Kepler was actually a pretty big jump over Fermi, especially in the newer games at the time. 660Ti was often 50% faster than 560Ti. 670 often 50% faster than 570. The 680 was less so over the 580, but when you remember that the 680 was only the 'midrange' Kepler on a 300mm die compared to the 570mm die of the 570/580, it's still quite an impressive leap.
All that changed there was that they renamed the x70/80 series to be midrange for a generation in order to sell the bigger die top end cards later as yields improved. But the leap was there and it was big.
Not according to TPU:
https://tpucdn.com/reviews/NVIDIA/GeForce_GTX_670/images/perfrel.gif
The GTX670 was around 30% faster than a GTX570.
This is the thing - expecting a 232MM2 chip to be 50% faster than a GTX980TI is a lot.
If a 300MM2 GK104 could barely get 10% maybe 20% at most over a 565MM2 GF210,that would making it the biggest performance jump in like a decade if Polaris 10 could thrash a GTX980TI.
If you want to compare similar size dies,ie, GTX560TI which was around 330MM2 to a GK104 based GTX680 which was 300MM2 then it was 60% to 70% or thereabouts,comparing similar sized chiops.
But that is the problem here. Polaris 10 is around 232MM2. The closest GCN GPU for that is in the R9 270X and R9 370 which is 212MM2.
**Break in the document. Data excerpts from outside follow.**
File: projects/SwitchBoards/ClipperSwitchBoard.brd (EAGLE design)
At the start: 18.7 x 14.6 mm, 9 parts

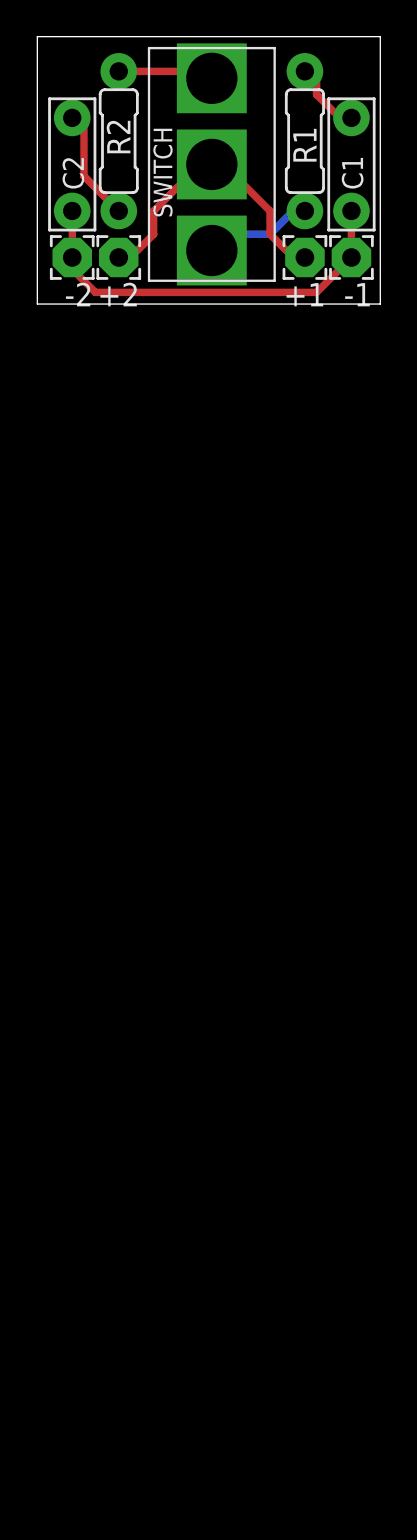
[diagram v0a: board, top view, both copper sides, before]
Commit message: Added clipper boards, filter board update.
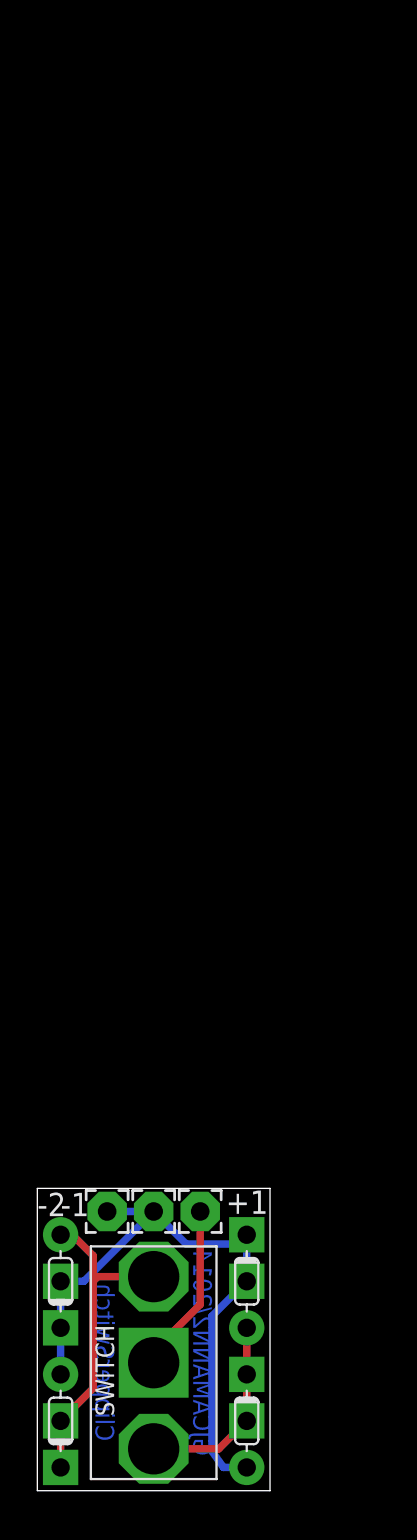
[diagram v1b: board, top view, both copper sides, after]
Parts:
- removed +2: (no value), wirepad:2,15/1,0
- removed C1, C2: (no value), capacitors-film:BOX_SMALL
- removed R1, R2: (no value), resistors:R0207/3
- added U$2, U$3, U$4, U$5: CLIPPER_BLOCK, gc_pedal_parts:CLIPPER_BLOCK
- moved U$1 65.5 mm to (6.35, 6.99)
- moved -1 53.2 mm to (6.35, 15.2), turned to 0 degrees
- moved +1 52.4 mm to (8.89, 15.2), turned to 0 degrees
- moved -2 52.1 mm to (3.81, 15.2), turned to 0 degrees
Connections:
- removed net N$2: C1.2, R1.2
- removed net N$7: +1.1, +2.1, U$1.P$3
- net N$1: now also +1.1, U$1.P$3; no longer R1.1, U$1.P$1
- net N$3: now also U$1.P$1, U$2.P$1, U$2.P$2, U$3.P$3; no longer C2.2, R2.2
- net N$4: now also -1.1, -2.1, U$2.P$3, U$3.P$1, U$3.P$2, U$4.P$3, U$5.P$1, U$5.P$2; no longer R2.1, U$1.P$2
- net N$5: now also U$1.P$2, U$4.P$1, U$4.P$2, U$5.P$3; no longer -1.1, -2.1, C1.1, C2.1
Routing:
- net N$4: track 5.19 -> 35.1 mm
- net N$7: track 15.9 -> 0.00 mm
- net N$2: track 4.34 -> 0.00 mm
- net N$5: track 22.3 -> 18.0 mm
- net N$3: track 6.50 -> 10.8 mm
- net N$1: track 6.06 -> 9.31 mm
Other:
- board size 18.7 x 14.6 mm -> 12.7 x 16.5 mm
- board text added: "ClipperSwitch"
- board text added: "GJCAMANN2/2014"
- board text removed: "FilterSwitchBoard"
- board text removed: "GJCAMANN2014"

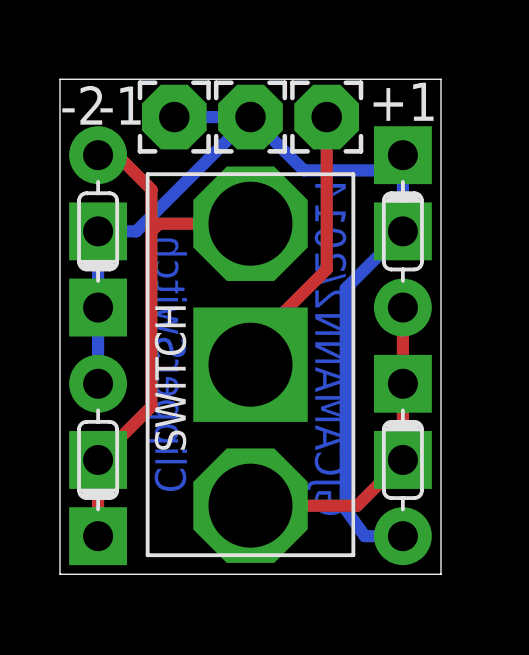
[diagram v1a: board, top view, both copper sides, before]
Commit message: Pass OSHPark DRC.
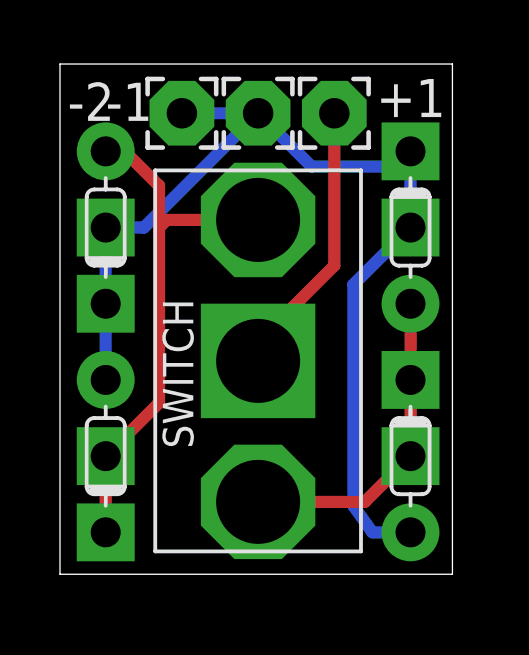
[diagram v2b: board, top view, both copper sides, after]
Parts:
- moved -1 0.28 mm to (6.60, 15.4)
- moved -2 0.28 mm to (4.06, 15.4)
- moved U$1 0.28 mm to (6.60, 7.11)
- moved U$5 0.28 mm to (1.52, 11.6)
- moved +1 0.28 mm to (9.14, 15.4)
- moved U$3 0.28 mm to (11.7, 11.6)
- moved U$4 0.28 mm to (1.52, 3.94)
- moved U$2 0.28 mm to (11.7, 3.94)
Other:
- board size 12.7 x 16.5 mm -> 13.1 x 17 mm

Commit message: Final project updates. Ready to send to oshpark.
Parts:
- moved +1 0.25 mm to (9.14, 15.1)
- moved -1 0.25 mm to (6.60, 15.1)
- moved -2 0.25 mm to (4.06, 15.1)
- turned U$4 to 90 degrees
- turned U$5 to 90 degrees
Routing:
- net N$4: track 35.1 -> 41.9 mm
- net N$5: track 18.0 -> 11.3 mm
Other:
- board text added: "GJCAMANN(C)2014"
- board text added: "V1.0"
- board text removed: "GJCAMANN2/2014"
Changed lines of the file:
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@@
 <wire x1="0" y1="17.008" x2="0" y2="0" width="0" layer="20"/>
 <text x="4.445" y="11.43" size="1.016" layer="22" rot="MR270">ClipperSwitch</text>
-<text x="9.779" y="13.335" size="1.016" layer="22" rot="MR270">GJCAMANN2/2014</text>
+<text x="9.779" y="13.335" size="1.016" layer="22" rot="MR270">GJCAMANN(C)2014</text>
+<text x="2.54" y="1.27" size="0.8128" layer="22" rot="MR180">V1.0</text>
+<wire x1="3.048" y1="12.7" x2="4.445" y2="12.7" width="0.4064" layer="21"/>
+<wire x1="3.937" y1="13.208" x2="4.445" y2="12.7" width="0.4064" layer="21"/>
+<wire x1="4.445" y1="12.7" x2="3.937" y2="12.192" width="0.4064" layer="21"/>
+<wire x1="10.414" y1="2.54" x2="9.017" y2="2.54" width="0.4064" layer="21"/>
+<wire x1="9.525" y1="3.048" x2="9.017" y2="2.54" width="0.4064" layer="21"/>
+<wire x1="9.017" y1="2.54" x2="9.525" y2="2.032" width="0.4064" layer="21"/>
+<wire x1="7.747" y1="16.256" x2="7.493" y2="16.51" width="0.4064" layer="21"/>
+<wire x1="7.493" y1="16.51" x2="3.175" y2="16.51" width="0.4064" layer="21"/>
+<wire x1="3.175" y1="16.51" x2="2.921" y2="16.256" width="0.4064" layer="21"/>
 </plain>
 <attributes>
@@
 <element name="U$2" library="gc_pedal_parts" package="CLIPPER_BLOCK" value="CLIPPER_BLOCK" x="11.684" y="3.937" rot="R90"/>
 <element name="U$3" library="gc_pedal_parts" package="CLIPPER_BLOCK" value="CLIPPER_BLOCK" x="11.684" y="11.557" rot="R90"/>
-<element name="U$4" library="gc_pedal_parts" package="CLIPPER_BLOCK" value="CLIPPER_BLOCK" x="1.524" y="3.937" rot="R270"/>
-<element name="U$5" library="gc_pedal_parts" package="CLIPPER_BLOCK" value="CLIPPER_BLOCK" x="1.524" y="11.557" rot="R270"/>
-<element name="+1" library="wirepad" package="2,15/1,0" value="" x="9.144" y="15.367" smashed="yes">
-<attribute name="NAME" x="10.541" y="15.24" size="1.27" layer="25" ratio="10"/>
-<attribute name="VALUE" x="9.144" y="16.367" size="0.0254" layer="27"/>
+<element name="U$4" library="gc_pedal_parts" package="CLIPPER_BLOCK" value="CLIPPER_BLOCK" x="1.524" y="3.937" rot="R90"/>
+<element name="U$5" library="gc_pedal_parts" package="CLIPPER_BLOCK" value="CLIPPER_BLOCK" x="1.524" y="11.557" rot="R90"/>
+<element name="+1" library="wirepad" package="2,15/1,0" value="" x="9.144" y="15.113" smashed="yes">
+<attribute name="NAME" x="10.541" y="14.986" size="1.27" layer="25" ratio="10"/>
+<attribute name="VALUE" x="9.144" y="16.113" size="0.0254" layer="27"/>
 </element>
-<element name="-2" library="wirepad" package="2,15/1,0" value="" x="4.064" y="15.367" smashed="yes">
-<attribute name="NAME" x="0.254" y="15.113" size="1.27" layer="25" ratio="10"/>
-<attribute name="VALUE" x="4.064" y="16.367" size="0.0254" layer="27"/>
+<element name="-2" library="wirepad" package="2,15/1,0" value="" x="4.064" y="15.113" smashed="yes">
+<attribute name="NAME" x="0.254" y="14.859" size="1.27" layer="25" ratio="10"/>
+<attribute name="VALUE" x="4.064" y="16.113" size="0.0254" layer="27"/>
 </element>
-<element name="-1" library="wirepad" package="2,15/1,0" value="" x="6.604" y="15.367" smashed="yes">
-<attribute name="NAME" x="1.524" y="15.113" size="1.27" layer="25" ratio="10"/>
-<attribute name="VALUE" x="6.604" y="16.367" size="0.0254" layer="27"/>
+<element name="-1" library="wirepad" package="2,15/1,0" value="" x="6.604" y="15.113" smashed="yes">
+<attribute name="NAME" x="1.524" y="14.859" size="1.27" layer="25" ratio="10"/>
+<attribute name="VALUE" x="6.604" y="16.113" size="0.0254" layer="27"/>
 </element>
 </elements>
@@
 <wire x1="6.604" y1="7.112" x2="6.604" y2="7.747" width="0.4064" layer="1"/>
 <wire x1="6.604" y1="7.747" x2="9.144" y2="10.287" width="0.4064" layer="1"/>
-<wire x1="9.144" y1="10.287" x2="9.144" y2="15.367" width="0.4064" layer="1"/>
+<wire x1="9.144" y1="10.287" x2="9.144" y2="15.113" width="0.4064" layer="1"/>
 </signal>
 <signal name="N$3">
@@
 <contactref element="-2" pad="1"/>
 <contactref element="-1" pad="1"/>
-<wire x1="1.524" y1="6.477" x2="1.524" y2="9.017" width="0.4064" layer="16"/>
-<wire x1="1.524" y1="9.017" x2="1.524" y2="11.557" width="0.4064" layer="16"/>
-<wire x1="1.524" y1="11.557" x2="2.794" y2="11.557" width="0.4064" layer="16"/>
-<wire x1="2.794" y1="11.557" x2="6.604" y2="15.367" width="0.4064" layer="16"/>
 <wire x1="11.684" y1="11.557" x2="11.684" y2="13.589" width="0.4064" layer="16"/>
 <wire x1="11.684" y1="13.589" x2="11.684" y2="14.097" width="0.4064" layer="16"/>
@@
 <wire x1="9.779" y1="2.286" x2="9.779" y2="9.652" width="0.4064" layer="16"/>
 <wire x1="9.779" y1="9.652" x2="11.684" y2="11.557" width="0.4064" layer="16"/>
-<wire x1="4.064" y1="15.367" x2="6.604" y2="15.367" width="0.4064" layer="16"/>
-<wire x1="6.604" y1="15.367" x2="8.382" y2="13.589" width="0.4064" layer="16"/>
+<wire x1="4.064" y1="15.113" x2="6.604" y2="15.113" width="0.4064" layer="16"/>
+<wire x1="6.604" y1="15.113" x2="8.382" y2="13.589" width="0.4064" layer="16"/>
 <wire x1="8.382" y1="13.589" x2="11.684" y2="13.589" width="0.4064" layer="16"/>
+<wire x1="1.524" y1="14.097" x2="1.524" y2="11.557" width="0.4064" layer="16"/>
+<wire x1="1.524" y1="1.397" x2="2.667" y2="1.397" width="0.4064" layer="16"/>
+<wire x1="2.667" y1="1.397" x2="3.81" y2="2.54" width="0.4064" layer="16"/>
+<wire x1="3.81" y1="2.54" x2="3.81" y2="10.16" width="0.4064" layer="16"/>
+<wire x1="3.81" y1="10.16" x2="2.54" y2="11.43" width="0.4064" layer="16"/>
+<wire x1="2.54" y1="11.43" x2="1.651" y2="11.43" width="0.4064" layer="16"/>
+<wire x1="1.651" y1="11.43" x2="1.524" y2="11.557" width="0.4064" layer="16"/>
+<wire x1="1.524" y1="14.097" x2="2.54" y2="15.113" width="0.4064" layer="16"/>
+<wire x1="2.54" y1="15.113" x2="4.064" y2="15.113" width="0.4064" layer="16"/>
 </signal>
 <signal name="N$5">
@@
 <contactref element="U$5" pad="P$3"/>
 <contactref element="U$1" pad="P$2"/>
-<wire x1="1.524" y1="14.097" x2="2.159" y2="14.097" width="0.4064" layer="1"/>
-<wire x1="2.159" y1="14.097" x2="3.302" y2="12.954" width="0.4064" layer="1"/>
-<wire x1="3.302" y1="12.954" x2="3.302" y2="11.557" width="0.4064" layer="1"/>
-<wire x1="3.302" y1="11.557" x2="3.302" y2="5.715" width="0.4064" layer="1"/>
-<wire x1="3.302" y1="5.715" x2="1.524" y2="3.937" width="0.4064" layer="1"/>
-<wire x1="1.524" y1="3.937" x2="1.524" y2="1.397" width="0.4064" layer="1"/>
-<wire x1="6.604" y1="11.811" x2="3.556" y2="11.811" width="0.4064" layer="1"/>
-<wire x1="3.556" y1="11.811" x2="3.302" y2="11.557" width="0.4064" layer="1"/>
+<wire x1="1.524" y1="3.937" x2="1.524" y2="6.477" width="0.4064" layer="1"/>
+<wire x1="1.524" y1="6.477" x2="1.524" y2="9.017" width="0.4064" layer="1"/>
+<wire x1="1.524" y1="9.017" x2="2.667" y2="9.017" width="0.4064" layer="1"/>
+<wire x1="2.667" y1="9.017" x2="5.08" y2="11.43" width="0.4064" layer="1"/>
+<wire x1="5.08" y1="11.43" x2="6.223" y2="11.43" width="0.4064" layer="1"/>
+<wire x1="6.223" y1="11.43" x2="6.604" y2="11.811" width="0.4064" layer="1"/>
 </signal>
 </signals>

Let's look at the latest TPU GPU review:
https://tpucdn.com/reviews/Gigabyte/GTX_980_Ti_XtremeGaming/images/perfrel_2560_1440.png
If a 232MM2 Polaris 10 with a 256 bit memory controller was Fury level performance,it would nearly 2.25 times faster than a similar sized GCN1.0 die. If it were only R9 390X level it would be twice the performance.
So,if AMD want to get 50% over a GTX980TI,ie,double a R9 390,AMD would need to get close to 3.77 times more performance out of a similar size Polaris die when compared to GCN1.0.
Now compare that to GCN1.2,ie,the R9 380X.
The R9 380X has a 359MM2 GPU. If P10 was R9 390X level performance,it would be 50% faster and if it was Fury level performance it would be 68% faster for a 35% smaller die.
At this point if it needed to be 50% faster than a GTX980TI it would need to be 2.82 times faster than Tonga whilst having 35% less surface area.
Hence if we tried to compare GCN1.2 and P10,you would need Polaris to get 4 times more performance out of a similar sized GCN1.2 die.
At that point if AMD matches Fury with such a small chip,it is not doing that badly.
If Vega is 300MM2 to 400MM2,with HBM2 it might be the one which beats a GTX980TI convincingly on the AMD side.